YOUR GOAL:
Once you find the line containing "scene = bpy.context.scene" in the data below, copy it and each following line exactly, up to and including the line containing "# ---- world", and nothing else.

MATERIAL FOR THIS EXERCISE:
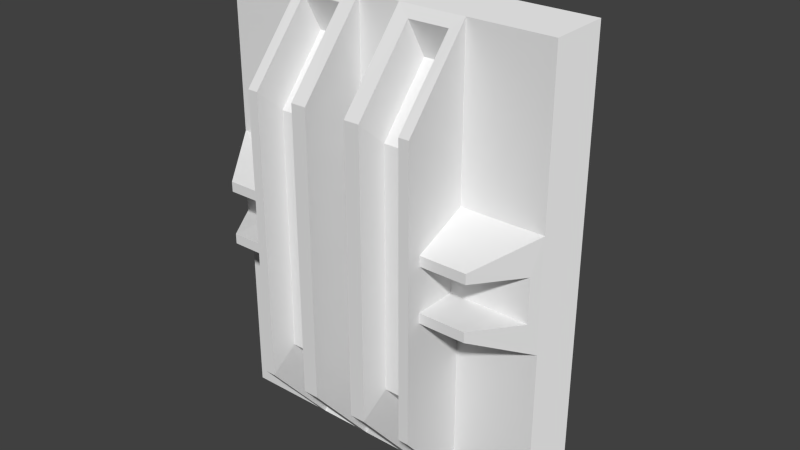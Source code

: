 # Source: wall3.blend  (saved by Blender 2.73.9; exported with 4.5.12 LTS)
import bpy
from mathutils import Matrix  # noqa: F401  (used for matrix-valued properties, if any)

bpy.ops.wm.read_factory_settings(use_empty=True)
scene = bpy.context.scene
scene.name = 'Scene'

# ---- collections
col_collection_1 = bpy.data.collections.new('Collection 1'); scene.collection.children.link(col_collection_1)

# ---- materials (node trees are filled in below, after node groups)
mat_material = bpy.data.materials.new('Material')
mat_material.alpha_threshold = 0.0
mat_material.use_transparent_shadow = False
mat_material.roughness = 0.5

# ---- material node trees

# ---- world
world_world = bpy.data.worlds.new('World'); scene.world = world_world
world_world.color = (0.05088, 0.05088, 0.05088)
world_world.use_sun_shadow = False
world_world.sun_shadow_jitter_overblur = 0.0
world_world.cycles.sampling_method = 'MANUAL'
world_world.cycles.sample_map_resolution = 256

# ---- meshes
me_cube = bpy.data.meshes.new('Cube')
me_cube.from_pydata([(64.0, -10.0, -84.0), (64.0, -10.0, 84.0), (64.0, 10.0, -84.0), (64.0, 10.0, 84.0), (32.85, 10.0, -84.0), (32.85, -10.0, -84.0), (32.85, 10.0, 84.0), (7.972, 10.0, 84.0), (7.972, 10.0, -84.0), (32.85, -10.0, 84.0), (0.0, 10.0, 84.0), (0.0, 10.0, -84.0), (7.972, -10.0, 84.0), (7.972, 35.55, 53.73), (7.972, 35.55, -53.73), (32.85, 35.55, -53.73), (32.85, 35.55, 53.73), (64.0, 10.0, 23.41), (32.85, 10.0, 23.41), (64.0, 10.0, -18.59), (32.85, 10.0, -18.59), (32.85, 35.55, -11.04), (32.85, 35.55, 15.83), (50.26, 30.16, 14.43), (32.85, 30.16, 14.43), (50.26, 30.16, -9.608), (32.85, 30.16, -9.608), (28.99, 35.55, -53.73), (28.99, 10.0, -84.0), (13.77, 10.0, -84.0), (28.99, 12.88, 80.42), (13.77, 12.88, 80.42), (28.99, 35.55, 53.73), (13.77, 35.55, 53.73), (13.77, 35.55, -53.73), (28.99, 35.55, -11.04), (28.99, 35.55, 15.83), (28.0, 25.79, -45.07), (28.0, 4.379, -70.44), (15.25, 4.379, -70.44), (28.0, 6.79, 67.35), (15.25, 6.79, 67.35), (28.0, 25.79, 44.98), (15.25, 25.79, 44.98), (15.25, 25.79, -45.07), (28.0, 25.79, -9.293), (28.0, 25.79, 13.22), (61.87, 13.32, 10.08), (61.87, 13.32, -6.551), (50.26, 30.16, 10.67), (50.26, 30.16, -5.851), (32.85, 30.16, 10.67), (32.85, 30.16, -5.851), (50.26, 14.04, 10.67), (50.26, 14.04, -5.851), (32.85, 14.04, 10.67), (32.85, 14.04, -5.851), (7.972, -10.0, -84.0), (0.0, -10.0, 84.0), (-64.0, 10.0, -84.0), (-64.0, 10.0, 84.0), (-32.85, 10.0, -84.0), (0.0, -10.0, -84.0), (-32.85, 10.0, 84.0), (-7.972, 10.0, 84.0), (-7.972, 10.0, -84.0), (7.972, -35.55, 53.73), (-7.972, 35.55, 53.73), (-7.972, 35.55, -53.73), (-32.85, 35.55, -53.73), (-32.85, 35.55, 53.73), (-64.0, 10.0, 23.41), (-32.85, 10.0, 23.41), (-64.0, 10.0, -18.59), (-32.85, 10.0, -18.59), (-32.85, 35.55, -11.04), (-32.85, 35.55, 15.83), (-50.26, 30.16, 14.43), (-32.85, 30.16, 14.43), (-50.26, 30.16, -9.608), (-32.85, 30.16, -9.608), (-28.99, 35.55, -53.73), (-28.99, 10.0, -84.0), (-13.77, 10.0, -84.0), (-28.99, 12.88, 80.42), (-13.77, 12.88, 80.42), (-28.99, 35.55, 53.73), (-13.77, 35.55, 53.73), (-13.77, 35.55, -53.73), (-28.99, 35.55, -11.04), (-28.99, 35.55, 15.83), (-28.0, 25.79, -45.07), (-28.0, 4.379, -70.44), (-15.25, 4.379, -70.44), (-28.0, 6.79, 67.35), (-15.25, 6.79, 67.35), (-28.0, 25.79, 44.98), (-15.25, 25.79, 44.98), (-15.25, 25.79, -45.07), (-28.0, 25.79, -9.293), (-28.0, 25.79, 13.22), (-61.87, 13.32, 10.08), (-61.87, 13.32, -6.551), (-50.26, 30.16, 10.67), (-50.26, 30.16, -5.851), (-32.85, 30.16, 10.67), (-32.85, 30.16, -5.851), (-50.26, 14.04, 10.67), (-50.26, 14.04, -5.851), (-32.85, 14.04, 10.67), (-32.85, 14.04, -5.851), (70.92, 0.0, -84.0), (70.92, 0.0, 88.53), (7.972, 0.0, 88.53), (32.42, 0.0, 88.53), (0.0, 0.0, 88.53), (-70.92, 0.0, -84.0), (-70.92, 0.0, 88.53), (-7.972, 0.0, 88.53), (-32.42, 0.0, 88.53), (7.972, -35.55, -53.73), (32.85, -35.55, -53.73), (32.85, -35.55, 53.73), (64.0, -10.0, 23.41), (32.85, -10.0, 23.41), (64.0, -10.0, -18.59), (32.85, -10.0, -18.59), (32.85, -35.55, -11.04), (32.85, -35.55, 15.83), (50.26, -30.16, 14.43), (32.85, -30.16, 14.43), (50.26, -30.16, -9.608), (32.85, -30.16, -9.608), (28.99, -35.55, -53.73), (28.99, -10.0, -84.0), (13.77, -10.0, -84.0), (28.99, -12.88, 80.42), (13.77, -12.88, 80.42), (28.99, -35.55, 53.73), (13.77, -35.55, 53.73), (13.77, -35.55, -53.73), (28.99, -35.55, -11.04), (28.99, -35.55, 15.83), (28.0, -25.79, -45.07), (28.0, -4.379, -70.44), (15.25, -4.379, -70.44), (28.0, -6.79, 67.35), (15.25, -6.79, 67.35), (28.0, -25.79, 44.98), (15.25, -25.79, 44.98), (15.25, -25.79, -45.07), (28.0, -25.79, -9.293), (28.0, -25.79, 13.22), (61.87, -13.32, 10.08), (61.87, -13.32, -6.551), (50.26, -30.16, 10.67), (50.26, -30.16, -5.851), (32.85, -30.16, 10.67), (32.85, -30.16, -5.851), (50.26, -14.04, 10.67), (50.26, -14.04, -5.851), (32.85, -14.04, 10.67), (32.85, -14.04, -5.851), (-64.0, -10.0, -84.0), (-64.0, -10.0, 84.0), (-32.85, -10.0, -84.0), (-32.85, -10.0, 84.0), (-7.972, -10.0, 84.0), (-7.972, -10.0, -84.0), (-7.972, -35.55, 53.73), (-7.972, -35.55, -53.73), (-32.85, -35.55, -53.73), (-32.85, -35.55, 53.73), (-64.0, -10.0, 23.41), (-32.85, -10.0, 23.41), (-64.0, -10.0, -18.59), (-32.85, -10.0, -18.59), (-32.85, -35.55, -11.04), (-32.85, -35.55, 15.83), (-50.26, -30.16, 14.43), (-32.85, -30.16, 14.43), (-50.26, -30.16, -9.608), (-32.85, -30.16, -9.608), (-28.99, -35.55, -53.73), (-28.99, -10.0, -84.0), (-13.77, -10.0, -84.0), (-28.99, -12.88, 80.42), (-13.77, -12.88, 80.42), (-28.99, -35.55, 53.73), (-13.77, -35.55, 53.73), (-13.77, -35.55, -53.73), (-28.99, -35.55, -11.04), (-28.99, -35.55, 15.83), (-28.0, -25.79, -45.07), (-28.0, -4.379, -70.44), (-15.25, -4.379, -70.44), (-28.0, -6.79, 67.35), (-15.25, -6.79, 67.35), (-28.0, -25.79, 44.98), (-15.25, -25.79, 44.98), (-15.25, -25.79, -45.07), (-28.0, -25.79, -9.293), (-28.0, -25.79, 13.22), (-61.87, -13.32, 10.08), (-61.87, -13.32, -6.551), (-50.26, -30.16, 10.67), (-50.26, -30.16, -5.851), (-32.85, -30.16, 10.67), (-32.85, -30.16, -5.851), (-50.26, -14.04, 10.67), (-50.26, -14.04, -5.851), (-32.85, -14.04, 10.67), (-32.85, -14.04, -5.851)], [], [(113, 114, 6, 7), (112, 111, 2, 19, 17, 3), (19, 25, 50, 48), (21, 15, 27, 35), (8, 7, 13, 14), (22, 21, 35, 36), (16, 22, 36, 32), (19, 2, 4, 20), (114, 112, 3, 6), (7, 8, 11, 10), (115, 113, 7, 10), (3, 17, 18, 6), (19, 20, 26, 25), (24, 26, 21, 22), (23, 17, 47, 49), (18, 17, 23, 24), (24, 22, 16, 18), (16, 6, 18), (21, 26, 20, 15), (4, 15, 20), (35, 27, 37, 45), (36, 35, 45, 46), (32, 36, 46, 42), (14, 13, 33, 34), (8, 14, 34, 29), (13, 7, 31, 33), (6, 16, 32, 30), (7, 6, 30, 31), (15, 4, 28, 27), (38, 39, 44, 37), (41, 40, 42, 43), (42, 46, 45, 37, 44, 43), (34, 33, 43, 44), (29, 34, 44, 39), (33, 31, 41, 43), (30, 32, 42, 40), (31, 30, 40, 41), (28, 29, 39, 38), (27, 28, 38, 37), (50, 52, 56, 54), (53, 54, 56, 55), (25, 26, 52, 50), (26, 24, 51, 52), (24, 23, 49, 51), (17, 19, 48, 47), (52, 51, 55, 56), (51, 49, 53, 55), (47, 53, 49), (48, 54, 53, 47), (50, 54, 48), (118, 64, 63, 119), (117, 60, 71, 73, 59, 116), (73, 102, 104, 79), (75, 89, 81, 69), (65, 68, 67, 64), (76, 90, 89, 75), (70, 86, 90, 76), (73, 74, 61, 59), (119, 63, 60, 117), (60, 63, 72, 71), (73, 79, 80, 74), (78, 76, 75, 80), (77, 103, 101, 71), (72, 78, 77, 71), (78, 72, 70, 76), (70, 72, 63), (75, 69, 74, 80), (61, 74, 69), (89, 99, 91, 81), (90, 100, 99, 89), (86, 96, 100, 90), (68, 88, 87, 67), (65, 83, 88, 68), (67, 87, 85, 64), (63, 84, 86, 70), (64, 85, 84, 63), (69, 81, 82, 61), (92, 91, 98, 93), (95, 97, 96, 94), (96, 97, 98, 91, 99, 100), (88, 98, 97, 87), (83, 93, 98, 88), (87, 97, 95, 85), (84, 94, 96, 86), (85, 95, 94, 84), (82, 92, 93, 83), (81, 91, 92, 82), (104, 108, 110, 106), (107, 109, 110, 108), (79, 104, 106, 80), (80, 106, 105, 78), (78, 105, 103, 77), (71, 101, 102, 73), (106, 110, 109, 105), (105, 109, 107, 103), (101, 103, 107), (102, 101, 107, 108), (104, 102, 108), (64, 10, 11, 65), (115, 10, 64, 118), (125, 126, 5, 0), (128, 142, 141, 127), (57, 120, 66, 12), (122, 138, 142, 128), (125, 154, 156, 131), (127, 141, 133, 121), (12, 58, 62, 57), (1, 9, 124, 123), (125, 131, 132, 126), (130, 128, 127, 132), (129, 155, 153, 123), (124, 130, 129, 123), (130, 124, 122, 128), (122, 124, 9), (127, 121, 126, 132), (5, 126, 121), (141, 151, 143, 133), (142, 152, 151, 141), (138, 148, 152, 142), (120, 140, 139, 66), (57, 135, 140, 120), (66, 139, 137, 12), (9, 136, 138, 122), (12, 137, 136, 9), (121, 133, 134, 5), (144, 143, 150, 145), (147, 149, 148, 146), (148, 149, 150, 143, 151, 152), (140, 150, 149, 139), (135, 145, 150, 140), (139, 149, 147, 137), (136, 146, 148, 138), (137, 147, 146, 136), (134, 144, 145, 135), (133, 143, 144, 134), (156, 160, 162, 158), (159, 161, 162, 160), (131, 156, 158, 132), (132, 158, 157, 130), (130, 157, 155, 129), (123, 153, 154, 125), (158, 162, 161, 157), (157, 161, 159, 155), (153, 155, 159), (154, 153, 159, 160), (156, 154, 160), (175, 181, 206, 204), (177, 171, 183, 191), (168, 167, 169, 170), (178, 177, 191, 192), (172, 178, 192, 188), (175, 163, 165, 176), (164, 173, 174, 166), (175, 176, 182, 181), (180, 182, 177, 178), (179, 173, 203, 205), (174, 173, 179, 180), (180, 178, 172, 174), (172, 166, 174), (177, 182, 176, 171), (165, 171, 176), (191, 183, 193, 201), (192, 191, 201, 202), (188, 192, 202, 198), (170, 169, 189, 190), (168, 170, 190, 185), (169, 167, 187, 189), (166, 172, 188, 186), (167, 166, 186, 187), (171, 165, 184, 183), (194, 195, 200, 193), (197, 196, 198, 199), (198, 202, 201, 193, 200, 199), (190, 189, 199, 200), (185, 190, 200, 195), (189, 187, 197, 199), (186, 188, 198, 196), (187, 186, 196, 197), (184, 185, 195, 194), (183, 184, 194, 193), (206, 208, 212, 210), (209, 210, 212, 211), (181, 182, 208, 206), (182, 180, 207, 208), (180, 179, 205, 207), (173, 175, 204, 203), (208, 207, 211, 212), (207, 205, 209, 211), (203, 209, 205), (204, 210, 209, 203), (206, 210, 204), (167, 168, 62, 58), (112, 1, 123, 125, 0, 111), (113, 12, 9, 114), (114, 9, 1, 112), (115, 58, 12, 113), (118, 119, 166, 167), (117, 116, 163, 175, 173, 164), (119, 117, 164, 166), (115, 118, 167, 58)])
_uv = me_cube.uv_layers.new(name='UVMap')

FINAL ANSWER:
scene = bpy.context.scene
scene.name = 'Scene'

# ---- collections
col_collection_1 = bpy.data.collections.new('Collection 1'); scene.collection.children.link(col_collection_1)

# ---- materials (node trees are filled in below, after node groups)
mat_material = bpy.data.materials.new('Material')
mat_material.alpha_threshold = 0.0
mat_material.use_transparent_shadow = False
mat_material.roughness = 0.5

# ---- material node trees

# ---- world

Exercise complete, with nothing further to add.